Task description:
Leave the pictures aside. Retype exactly the lines from the top of the data below through the one holding "#39=CARTESIAN_POINT('',(11.2,6.25,-6.7));".

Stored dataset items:
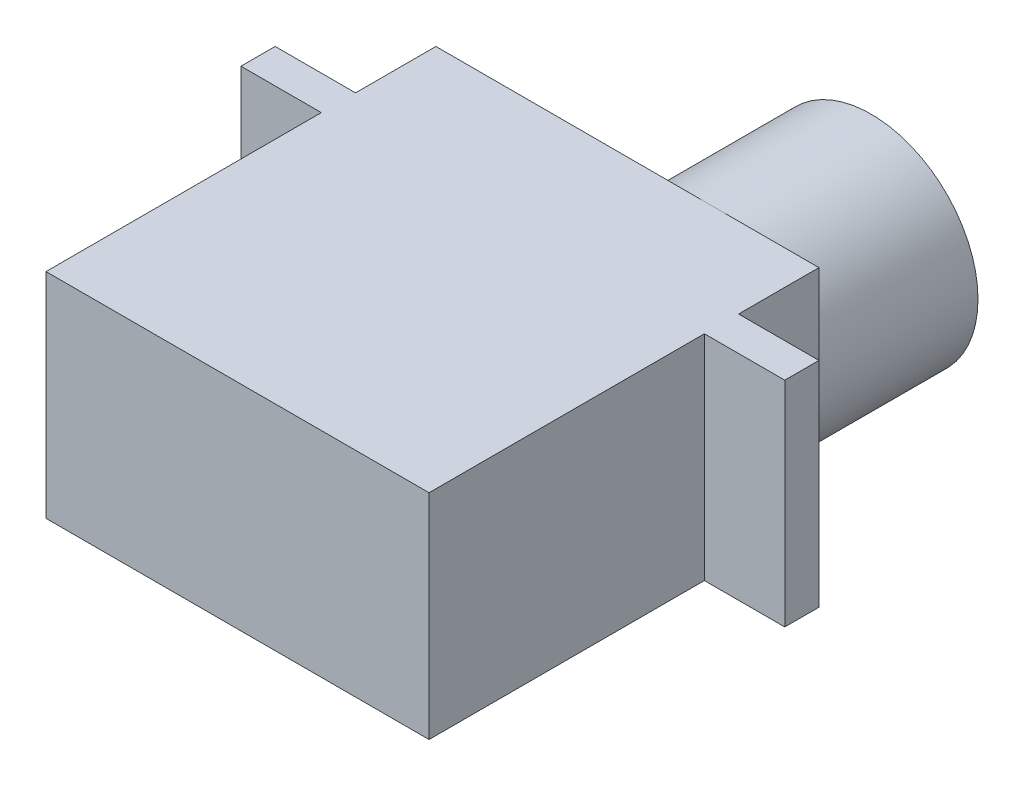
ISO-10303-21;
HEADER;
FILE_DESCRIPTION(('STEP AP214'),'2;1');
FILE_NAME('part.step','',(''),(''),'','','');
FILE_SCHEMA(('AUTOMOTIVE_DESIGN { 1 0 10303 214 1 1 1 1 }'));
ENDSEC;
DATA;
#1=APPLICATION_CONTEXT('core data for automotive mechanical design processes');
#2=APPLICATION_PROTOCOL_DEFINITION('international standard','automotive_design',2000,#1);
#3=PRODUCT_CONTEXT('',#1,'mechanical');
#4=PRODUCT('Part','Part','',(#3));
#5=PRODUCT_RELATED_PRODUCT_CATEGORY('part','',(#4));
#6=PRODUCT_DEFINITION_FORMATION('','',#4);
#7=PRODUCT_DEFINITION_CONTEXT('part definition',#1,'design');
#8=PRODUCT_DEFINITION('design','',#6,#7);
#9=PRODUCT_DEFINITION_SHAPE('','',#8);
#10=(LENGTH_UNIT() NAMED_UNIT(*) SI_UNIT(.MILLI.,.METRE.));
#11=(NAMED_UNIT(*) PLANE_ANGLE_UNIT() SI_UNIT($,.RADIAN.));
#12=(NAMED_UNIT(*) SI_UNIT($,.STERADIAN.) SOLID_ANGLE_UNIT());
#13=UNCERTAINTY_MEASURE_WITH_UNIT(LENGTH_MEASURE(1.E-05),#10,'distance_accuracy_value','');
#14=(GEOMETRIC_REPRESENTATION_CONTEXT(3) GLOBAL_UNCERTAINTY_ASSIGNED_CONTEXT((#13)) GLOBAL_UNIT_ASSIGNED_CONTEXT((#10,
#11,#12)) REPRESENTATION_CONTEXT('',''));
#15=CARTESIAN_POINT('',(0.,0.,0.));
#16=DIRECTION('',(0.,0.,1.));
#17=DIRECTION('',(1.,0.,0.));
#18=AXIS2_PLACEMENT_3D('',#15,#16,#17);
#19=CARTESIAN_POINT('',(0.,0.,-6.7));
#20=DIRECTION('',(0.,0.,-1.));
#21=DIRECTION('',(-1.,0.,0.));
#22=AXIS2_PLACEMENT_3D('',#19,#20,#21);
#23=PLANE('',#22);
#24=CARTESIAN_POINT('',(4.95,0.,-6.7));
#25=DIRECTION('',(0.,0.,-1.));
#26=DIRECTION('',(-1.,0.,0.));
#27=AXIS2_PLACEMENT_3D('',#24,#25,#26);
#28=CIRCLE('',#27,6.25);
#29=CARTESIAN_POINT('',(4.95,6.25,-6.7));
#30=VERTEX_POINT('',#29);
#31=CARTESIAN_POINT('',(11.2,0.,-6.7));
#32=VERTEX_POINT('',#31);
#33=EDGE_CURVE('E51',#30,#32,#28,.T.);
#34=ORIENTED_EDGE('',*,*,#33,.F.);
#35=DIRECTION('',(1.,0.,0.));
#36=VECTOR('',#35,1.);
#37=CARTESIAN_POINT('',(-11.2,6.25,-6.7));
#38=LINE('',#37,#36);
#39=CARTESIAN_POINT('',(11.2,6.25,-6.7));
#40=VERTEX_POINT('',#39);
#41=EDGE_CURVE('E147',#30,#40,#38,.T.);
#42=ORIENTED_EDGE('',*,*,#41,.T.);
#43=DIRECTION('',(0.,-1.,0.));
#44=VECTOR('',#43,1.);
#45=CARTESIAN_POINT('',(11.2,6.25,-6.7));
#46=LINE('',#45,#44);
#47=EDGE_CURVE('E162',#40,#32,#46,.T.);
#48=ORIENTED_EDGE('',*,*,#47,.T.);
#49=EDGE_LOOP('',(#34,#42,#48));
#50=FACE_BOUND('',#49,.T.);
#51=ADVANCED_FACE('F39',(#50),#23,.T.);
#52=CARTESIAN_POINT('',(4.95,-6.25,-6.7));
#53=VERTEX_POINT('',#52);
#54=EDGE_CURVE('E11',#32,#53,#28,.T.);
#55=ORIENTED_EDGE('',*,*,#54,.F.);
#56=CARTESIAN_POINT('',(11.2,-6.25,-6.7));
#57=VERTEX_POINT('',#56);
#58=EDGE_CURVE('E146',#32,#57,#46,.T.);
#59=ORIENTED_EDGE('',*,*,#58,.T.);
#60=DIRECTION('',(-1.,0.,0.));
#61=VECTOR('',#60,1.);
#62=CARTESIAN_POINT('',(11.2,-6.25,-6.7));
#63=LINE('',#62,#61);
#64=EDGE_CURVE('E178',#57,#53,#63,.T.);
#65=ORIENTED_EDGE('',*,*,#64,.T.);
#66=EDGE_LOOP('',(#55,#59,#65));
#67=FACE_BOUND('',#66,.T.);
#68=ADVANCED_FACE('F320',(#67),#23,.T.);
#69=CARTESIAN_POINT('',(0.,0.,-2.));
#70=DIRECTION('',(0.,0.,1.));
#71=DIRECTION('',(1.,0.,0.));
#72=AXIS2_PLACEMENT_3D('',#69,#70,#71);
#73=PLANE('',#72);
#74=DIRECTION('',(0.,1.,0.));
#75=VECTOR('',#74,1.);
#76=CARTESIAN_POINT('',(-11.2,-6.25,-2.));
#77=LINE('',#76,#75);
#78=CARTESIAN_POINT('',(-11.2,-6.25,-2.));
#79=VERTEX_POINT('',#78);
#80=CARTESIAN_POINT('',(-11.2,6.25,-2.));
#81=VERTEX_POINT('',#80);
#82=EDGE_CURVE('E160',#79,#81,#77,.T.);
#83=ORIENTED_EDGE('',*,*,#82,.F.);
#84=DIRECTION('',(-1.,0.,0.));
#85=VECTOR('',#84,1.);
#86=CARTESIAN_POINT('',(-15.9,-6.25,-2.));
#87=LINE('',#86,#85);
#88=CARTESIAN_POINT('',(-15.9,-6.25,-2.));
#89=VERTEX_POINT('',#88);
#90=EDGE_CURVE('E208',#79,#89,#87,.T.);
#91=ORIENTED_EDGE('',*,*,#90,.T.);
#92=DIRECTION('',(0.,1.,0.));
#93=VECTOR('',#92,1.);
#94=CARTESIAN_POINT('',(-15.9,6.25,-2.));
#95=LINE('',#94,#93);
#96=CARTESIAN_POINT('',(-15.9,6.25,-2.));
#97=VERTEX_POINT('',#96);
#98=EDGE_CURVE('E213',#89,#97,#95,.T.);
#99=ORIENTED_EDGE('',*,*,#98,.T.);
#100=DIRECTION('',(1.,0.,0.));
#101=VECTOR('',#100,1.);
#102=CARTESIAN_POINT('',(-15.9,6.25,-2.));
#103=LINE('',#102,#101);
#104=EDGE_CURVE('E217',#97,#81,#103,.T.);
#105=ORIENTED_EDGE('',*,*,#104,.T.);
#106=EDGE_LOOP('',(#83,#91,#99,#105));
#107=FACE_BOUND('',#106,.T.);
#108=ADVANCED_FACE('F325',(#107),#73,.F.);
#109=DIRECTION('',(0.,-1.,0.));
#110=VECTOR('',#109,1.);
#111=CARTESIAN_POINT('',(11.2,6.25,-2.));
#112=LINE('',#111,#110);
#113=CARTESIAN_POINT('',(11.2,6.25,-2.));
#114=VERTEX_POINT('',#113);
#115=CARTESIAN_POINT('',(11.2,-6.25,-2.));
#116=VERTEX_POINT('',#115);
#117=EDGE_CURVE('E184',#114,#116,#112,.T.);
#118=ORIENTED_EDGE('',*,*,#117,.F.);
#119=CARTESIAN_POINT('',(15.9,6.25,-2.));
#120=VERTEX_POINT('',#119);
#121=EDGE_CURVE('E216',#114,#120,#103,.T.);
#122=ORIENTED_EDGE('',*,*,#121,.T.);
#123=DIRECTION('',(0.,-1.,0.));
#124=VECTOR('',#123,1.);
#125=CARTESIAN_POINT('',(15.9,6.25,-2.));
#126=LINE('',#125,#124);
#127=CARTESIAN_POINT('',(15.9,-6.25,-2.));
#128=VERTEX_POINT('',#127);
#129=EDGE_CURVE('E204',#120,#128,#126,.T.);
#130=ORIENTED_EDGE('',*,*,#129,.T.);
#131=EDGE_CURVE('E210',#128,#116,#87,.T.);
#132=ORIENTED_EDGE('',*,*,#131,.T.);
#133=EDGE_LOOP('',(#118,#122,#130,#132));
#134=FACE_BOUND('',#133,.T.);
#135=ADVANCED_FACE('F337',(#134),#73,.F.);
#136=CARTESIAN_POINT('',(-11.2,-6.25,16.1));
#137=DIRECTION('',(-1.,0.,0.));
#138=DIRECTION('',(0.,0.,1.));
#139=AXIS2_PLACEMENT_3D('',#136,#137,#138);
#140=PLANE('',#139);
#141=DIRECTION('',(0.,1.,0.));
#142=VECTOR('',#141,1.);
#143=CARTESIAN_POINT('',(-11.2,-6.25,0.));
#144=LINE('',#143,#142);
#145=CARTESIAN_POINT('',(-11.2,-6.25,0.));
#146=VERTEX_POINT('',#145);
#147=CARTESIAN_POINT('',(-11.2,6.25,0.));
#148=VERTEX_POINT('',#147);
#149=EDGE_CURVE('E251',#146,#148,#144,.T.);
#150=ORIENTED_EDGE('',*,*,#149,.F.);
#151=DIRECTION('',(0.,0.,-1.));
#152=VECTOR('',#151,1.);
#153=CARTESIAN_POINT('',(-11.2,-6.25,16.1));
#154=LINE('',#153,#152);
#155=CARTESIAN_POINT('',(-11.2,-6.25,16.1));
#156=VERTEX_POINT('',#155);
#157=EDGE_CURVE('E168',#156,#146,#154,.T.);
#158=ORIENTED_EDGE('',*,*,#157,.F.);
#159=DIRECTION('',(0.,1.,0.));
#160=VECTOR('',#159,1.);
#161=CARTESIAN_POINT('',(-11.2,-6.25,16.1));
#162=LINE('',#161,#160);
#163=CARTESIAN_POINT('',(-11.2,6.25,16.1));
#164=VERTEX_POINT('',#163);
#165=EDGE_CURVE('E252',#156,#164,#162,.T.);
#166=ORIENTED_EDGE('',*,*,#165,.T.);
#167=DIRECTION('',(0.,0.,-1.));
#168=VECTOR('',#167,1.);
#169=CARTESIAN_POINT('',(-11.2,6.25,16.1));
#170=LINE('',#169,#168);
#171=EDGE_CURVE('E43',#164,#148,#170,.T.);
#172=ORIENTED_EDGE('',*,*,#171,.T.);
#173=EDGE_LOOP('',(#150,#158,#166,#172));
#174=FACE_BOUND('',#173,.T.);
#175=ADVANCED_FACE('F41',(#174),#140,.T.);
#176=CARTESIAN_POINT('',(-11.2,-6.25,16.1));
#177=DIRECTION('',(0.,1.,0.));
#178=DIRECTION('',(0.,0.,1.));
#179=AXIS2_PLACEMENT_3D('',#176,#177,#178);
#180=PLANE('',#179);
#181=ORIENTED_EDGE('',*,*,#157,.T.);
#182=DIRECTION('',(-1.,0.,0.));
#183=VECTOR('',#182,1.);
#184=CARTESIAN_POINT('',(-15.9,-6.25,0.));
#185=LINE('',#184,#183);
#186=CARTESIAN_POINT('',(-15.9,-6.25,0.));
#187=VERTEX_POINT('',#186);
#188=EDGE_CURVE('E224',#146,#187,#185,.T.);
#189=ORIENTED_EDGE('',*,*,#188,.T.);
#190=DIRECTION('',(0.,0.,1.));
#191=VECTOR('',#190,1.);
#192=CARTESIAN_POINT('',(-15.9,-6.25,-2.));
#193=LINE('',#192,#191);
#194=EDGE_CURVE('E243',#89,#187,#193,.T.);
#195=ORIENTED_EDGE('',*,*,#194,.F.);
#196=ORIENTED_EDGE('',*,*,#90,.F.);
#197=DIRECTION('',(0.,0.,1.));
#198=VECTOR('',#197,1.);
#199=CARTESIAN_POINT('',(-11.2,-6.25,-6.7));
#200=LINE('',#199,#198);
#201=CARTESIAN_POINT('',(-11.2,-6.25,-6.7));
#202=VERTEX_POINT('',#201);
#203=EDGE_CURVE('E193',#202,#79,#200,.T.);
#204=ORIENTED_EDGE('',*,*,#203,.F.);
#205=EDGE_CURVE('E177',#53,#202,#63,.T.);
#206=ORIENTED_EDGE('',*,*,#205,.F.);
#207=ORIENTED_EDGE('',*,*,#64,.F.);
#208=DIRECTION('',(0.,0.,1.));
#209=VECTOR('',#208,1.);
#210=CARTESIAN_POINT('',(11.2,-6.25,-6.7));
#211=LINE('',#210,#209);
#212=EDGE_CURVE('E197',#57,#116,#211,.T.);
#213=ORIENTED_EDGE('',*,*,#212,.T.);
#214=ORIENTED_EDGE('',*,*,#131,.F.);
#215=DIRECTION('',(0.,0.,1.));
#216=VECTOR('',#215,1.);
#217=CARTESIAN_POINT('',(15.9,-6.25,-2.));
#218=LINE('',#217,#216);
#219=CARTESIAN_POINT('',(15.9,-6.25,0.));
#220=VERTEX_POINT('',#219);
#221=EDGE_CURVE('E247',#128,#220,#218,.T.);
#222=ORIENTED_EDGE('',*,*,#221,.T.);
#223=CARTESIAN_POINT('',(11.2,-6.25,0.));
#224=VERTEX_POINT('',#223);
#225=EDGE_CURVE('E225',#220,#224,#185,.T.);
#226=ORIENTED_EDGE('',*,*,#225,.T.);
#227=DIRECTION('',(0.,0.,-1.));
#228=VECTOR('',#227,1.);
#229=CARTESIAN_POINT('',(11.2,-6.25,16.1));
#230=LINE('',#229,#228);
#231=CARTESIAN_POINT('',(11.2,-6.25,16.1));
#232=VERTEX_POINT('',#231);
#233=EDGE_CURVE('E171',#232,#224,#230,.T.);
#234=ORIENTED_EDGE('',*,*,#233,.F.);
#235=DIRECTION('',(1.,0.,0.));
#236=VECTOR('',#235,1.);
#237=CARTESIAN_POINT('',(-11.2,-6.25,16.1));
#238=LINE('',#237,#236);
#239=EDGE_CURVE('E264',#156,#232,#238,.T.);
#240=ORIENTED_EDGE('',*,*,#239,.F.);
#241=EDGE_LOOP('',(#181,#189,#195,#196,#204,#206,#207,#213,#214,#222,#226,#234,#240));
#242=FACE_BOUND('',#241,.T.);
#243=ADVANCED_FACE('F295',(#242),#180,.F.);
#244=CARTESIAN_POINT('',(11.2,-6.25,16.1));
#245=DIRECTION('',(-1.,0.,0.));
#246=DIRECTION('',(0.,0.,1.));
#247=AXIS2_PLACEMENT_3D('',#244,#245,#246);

Output of the exercise:
ISO-10303-21;
HEADER;
FILE_DESCRIPTION(('STEP AP214'),'2;1');
FILE_NAME('part.step','',(''),(''),'','','');
FILE_SCHEMA(('AUTOMOTIVE_DESIGN { 1 0 10303 214 1 1 1 1 }'));
ENDSEC;
DATA;
#1=APPLICATION_CONTEXT('core data for automotive mechanical design processes');
#2=APPLICATION_PROTOCOL_DEFINITION('international standard','automotive_design',2000,#1);
#3=PRODUCT_CONTEXT('',#1,'mechanical');
#4=PRODUCT('Part','Part','',(#3));
#5=PRODUCT_RELATED_PRODUCT_CATEGORY('part','',(#4));
#6=PRODUCT_DEFINITION_FORMATION('','',#4);
#7=PRODUCT_DEFINITION_CONTEXT('part definition',#1,'design');
#8=PRODUCT_DEFINITION('design','',#6,#7);
#9=PRODUCT_DEFINITION_SHAPE('','',#8);
#10=(LENGTH_UNIT() NAMED_UNIT(*) SI_UNIT(.MILLI.,.METRE.));
#11=(NAMED_UNIT(*) PLANE_ANGLE_UNIT() SI_UNIT($,.RADIAN.));
#12=(NAMED_UNIT(*) SI_UNIT($,.STERADIAN.) SOLID_ANGLE_UNIT());
#13=UNCERTAINTY_MEASURE_WITH_UNIT(LENGTH_MEASURE(1.E-05),#10,'distance_accuracy_value','');
#14=(GEOMETRIC_REPRESENTATION_CONTEXT(3) GLOBAL_UNCERTAINTY_ASSIGNED_CONTEXT((#13)) GLOBAL_UNIT_ASSIGNED_CONTEXT((#10,
#11,#12)) REPRESENTATION_CONTEXT('',''));
#15=CARTESIAN_POINT('',(0.,0.,0.));
#16=DIRECTION('',(0.,0.,1.));
#17=DIRECTION('',(1.,0.,0.));
#18=AXIS2_PLACEMENT_3D('',#15,#16,#17);
#19=CARTESIAN_POINT('',(0.,0.,-6.7));
#20=DIRECTION('',(0.,0.,-1.));
#21=DIRECTION('',(-1.,0.,0.));
#22=AXIS2_PLACEMENT_3D('',#19,#20,#21);
#23=PLANE('',#22);
#24=CARTESIAN_POINT('',(4.95,0.,-6.7));
#25=DIRECTION('',(0.,0.,-1.));
#26=DIRECTION('',(-1.,0.,0.));
#27=AXIS2_PLACEMENT_3D('',#24,#25,#26);
#28=CIRCLE('',#27,6.25);
#29=CARTESIAN_POINT('',(4.95,6.25,-6.7));
#30=VERTEX_POINT('',#29);
#31=CARTESIAN_POINT('',(11.2,0.,-6.7));
#32=VERTEX_POINT('',#31);
#33=EDGE_CURVE('E51',#30,#32,#28,.T.);
#34=ORIENTED_EDGE('',*,*,#33,.F.);
#35=DIRECTION('',(1.,0.,0.));
#36=VECTOR('',#35,1.);
#37=CARTESIAN_POINT('',(-11.2,6.25,-6.7));
#38=LINE('',#37,#36);
#39=CARTESIAN_POINT('',(11.2,6.25,-6.7));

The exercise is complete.